▸ ABOUT THIS TASK
The job is to output exactly the lines that run from the start of the entries through the line containing "# Skizze2 → Base (new body)", pictures omitted.

======== LISTED RECORDS ========

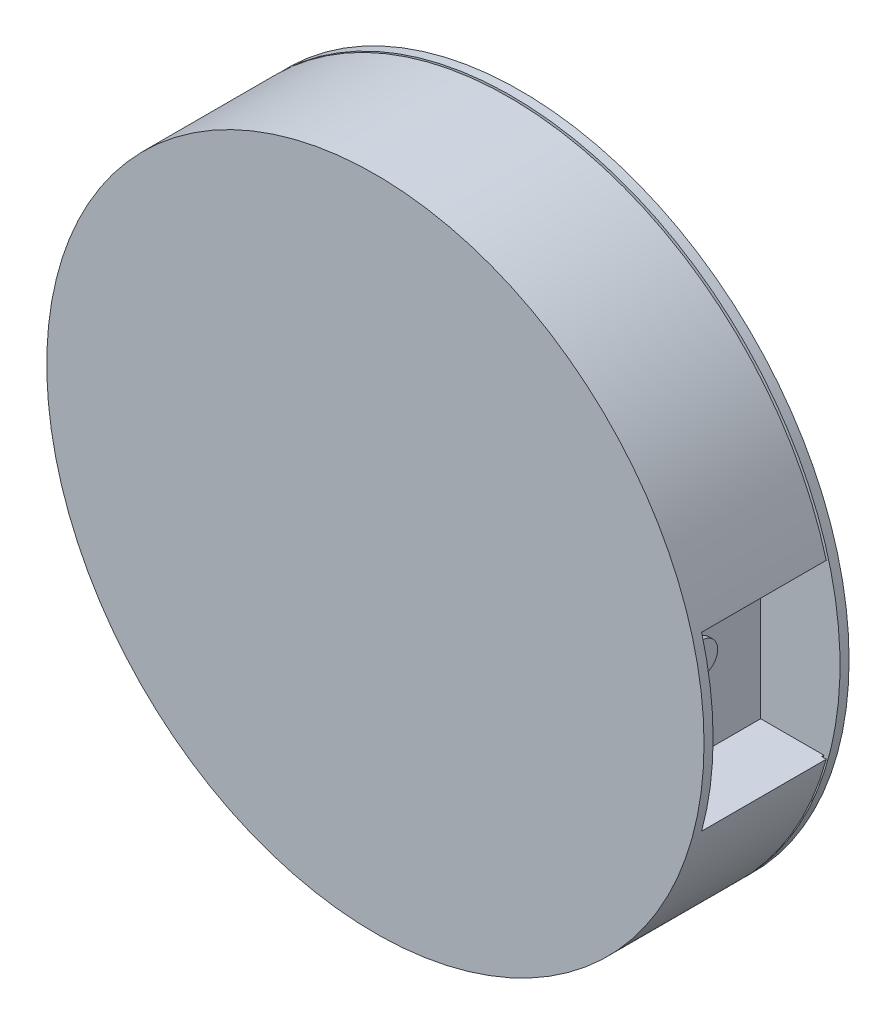
from build123d import *

# Parameters (mm, degrees)
SKIZZE2_R              = 72.5
BASE_DEPTH             = 32
SKIZZE3_W              = 1
SKIZZE3_H              = 0.5
SKIZZE4_W              = 28
SKIZZE4_H              = 38
FRONT_CAMERA_CUT_DEPTH = 17.5
SKIZZE5_W              = 1
SKIZZE5_H              = 38
FRONT_DETAIL_DEPTH     = 1
SKIZZE6_R              = 3.5
CAMERA_DETAIL_DEPTH    = 1


with BuildPart() as part:
    # Skizze2 → Base (new body)
    with BuildSketch(Plane.XY):
        Circle(SKIZZE2_R)
    extrude(amount=BASE_DEPTH)

    # Skizze3 → Cover Seam (revolve, cut)
    with BuildSketch(Plane(origin=(0, 0, 0), x_dir=(1, 0, 0), z_dir=(0, 1, 0)), mode=Mode.PRIVATE) as cover_seam_sk:
        with Locations((72, -2.25)):
            Rectangle(SKIZZE3_W, SKIZZE3_H)
    revolve(cover_seam_sk.sketch.rotate(Axis((0, 0, 0), (0, 0, 1)), 180), axis=Axis((0, 0, 0), (0, 0, 1)), mode=Mode.SUBTRACT)

    # Skizze4 → Front Camera Cut (cut)
    with BuildSketch(Plane(origin=(72.5, 0, 0), x_dir=(0, 0, -1), z_dir=(1, 0, 0))):
        with Locations((-16, 0)):
            Rectangle(SKIZZE4_W, SKIZZE4_H)
    extrude(amount=-FRONT_CAMERA_CUT_DEPTH, mode=Mode.SUBTRACT)

    # Skizze5 → Front Detail (cut)
    with BuildSketch(Plane(origin=(55, 0, 0), x_dir=(0, 0, -1), z_dir=(1, 0, 0))):
        with Locations((-29.5, 0)):
            Rectangle(SKIZZE5_W, SKIZZE5_H)
    extrude(amount=-FRONT_DETAIL_DEPTH, mode=Mode.SUBTRACT)

    # Skizze6 → Camera Detail (add)
    with BuildSketch(Plane(origin=(55, 0, 0), x_dir=(0, 0, -1), z_dir=(1, 0, 0))):
        with Locations(Location((-16, 0, 0), (0, 0, 180))):
            Circle(SKIZZE6_R)
    extrude(amount=CAMERA_DETAIL_DEPTH)


solid = part.part
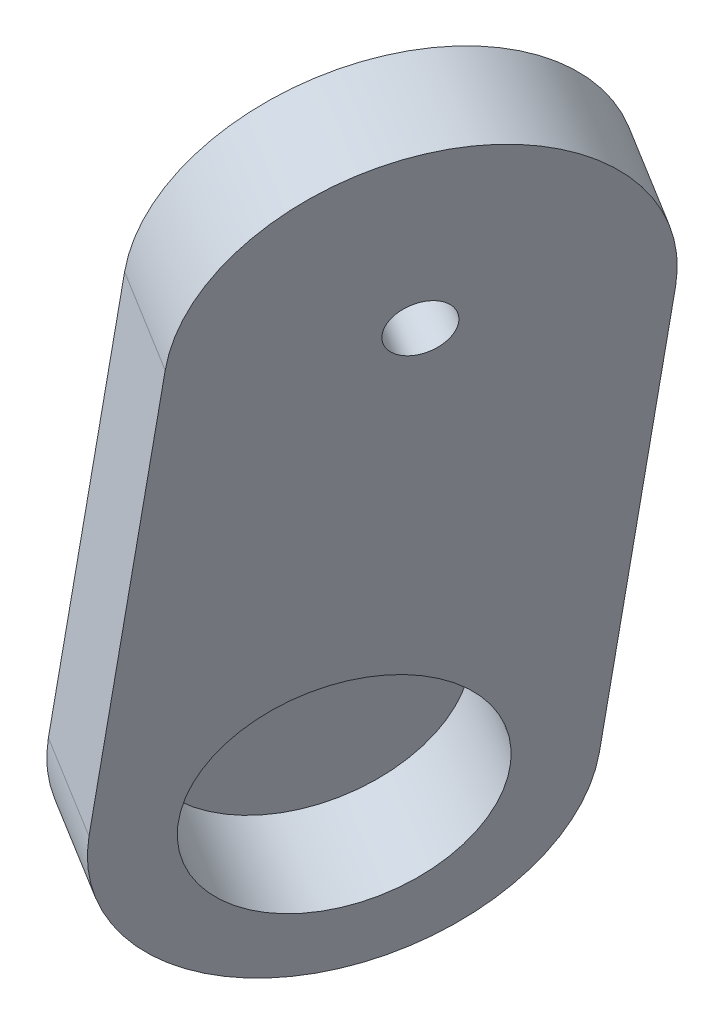
from build123d import *

# Parameters (mm, degrees)
SKETCH_1_R      = 1.5
SKETCH_1_R_2    = 6.5
EXTRUDE_1_DEPTH = 5
SKETCH_3_R      = 8
EXTRUDE_2_DEPTH = 2


with BuildPart() as part:
    # Эскиз1 → Бобышка-Вытянуть1 (new body)
    with BuildSketch(Plane(origin=(-480.803789864, 134.652080906, -243.886731474), x_dir=(0.4444744759103933, -0.03421577425644369, -0.8951378223805614), z_dir=(0.865247481188387, -0.24231791906874578, 0.4388950015611307))):
        with BuildLine():
            Line((-688.122906945, -142.837632594), (-688.122906945, -168.837632594))
            ThreePointArc((-688.122906945, -168.837632594), (-678.122906945, -178.837632594), (-668.122906945, -168.837632594))
            Line((-668.122906945, -168.837632594), (-668.122906945, -142.837632594))
            ThreePointArc((-668.122906945, -142.837632594), (-678.122906945, -132.837632594), (-688.122906945, -142.837632594))
        make_face()
        with Locations(Location((-678.122906945, -142.837632594, 0), (0, 0, 2.021059913))):
            Circle(SKETCH_1_R, mode=Mode.SUBTRACT)
        with Locations(Location((-678.122906945, -168.837632594, 0), (0, 0, 2.021059913))):
            Circle(SKETCH_1_R_2, mode=Mode.SUBTRACT)
    extrude(amount=EXTRUDE_1_DEPTH)

    # Эскиз3 → Бобышка-Вытянуть2 (add)
    with BuildSketch(Plane(origin=(-480.803789864, 134.652080906, -243.886731474), x_dir=(0.10581409215127123, 0.9439807153609489, 0.31257604983241044), z_dir=(-0.865247481188387, 0.24231791906874575, -0.4388950015611306))):
        with Locations(Location((16.948979253, -698.619750083, 0), (0, 0, 103.349815393))):
            Circle(SKETCH_3_R)
    extrude(amount=EXTRUDE_2_DEPTH)


solid = part.part

========

▸ TASK RESPONSE
from build123d import *

# Parameters (mm, degrees)
SKIZZE2_R              = 72.5
BASE_DEPTH             = 32
SKIZZE3_W              = 1
SKIZZE3_H              = 0.5
SKIZZE4_W              = 28
SKIZZE4_H              = 38
FRONT_CAMERA_CUT_DEPTH = 17.5
SKIZZE5_W              = 1
SKIZZE5_H              = 38
FRONT_DETAIL_DEPTH     = 1
SKIZZE6_R              = 3.5
CAMERA_DETAIL_DEPTH    = 1


with BuildPart() as part:
    # Skizze2 → Base (new body)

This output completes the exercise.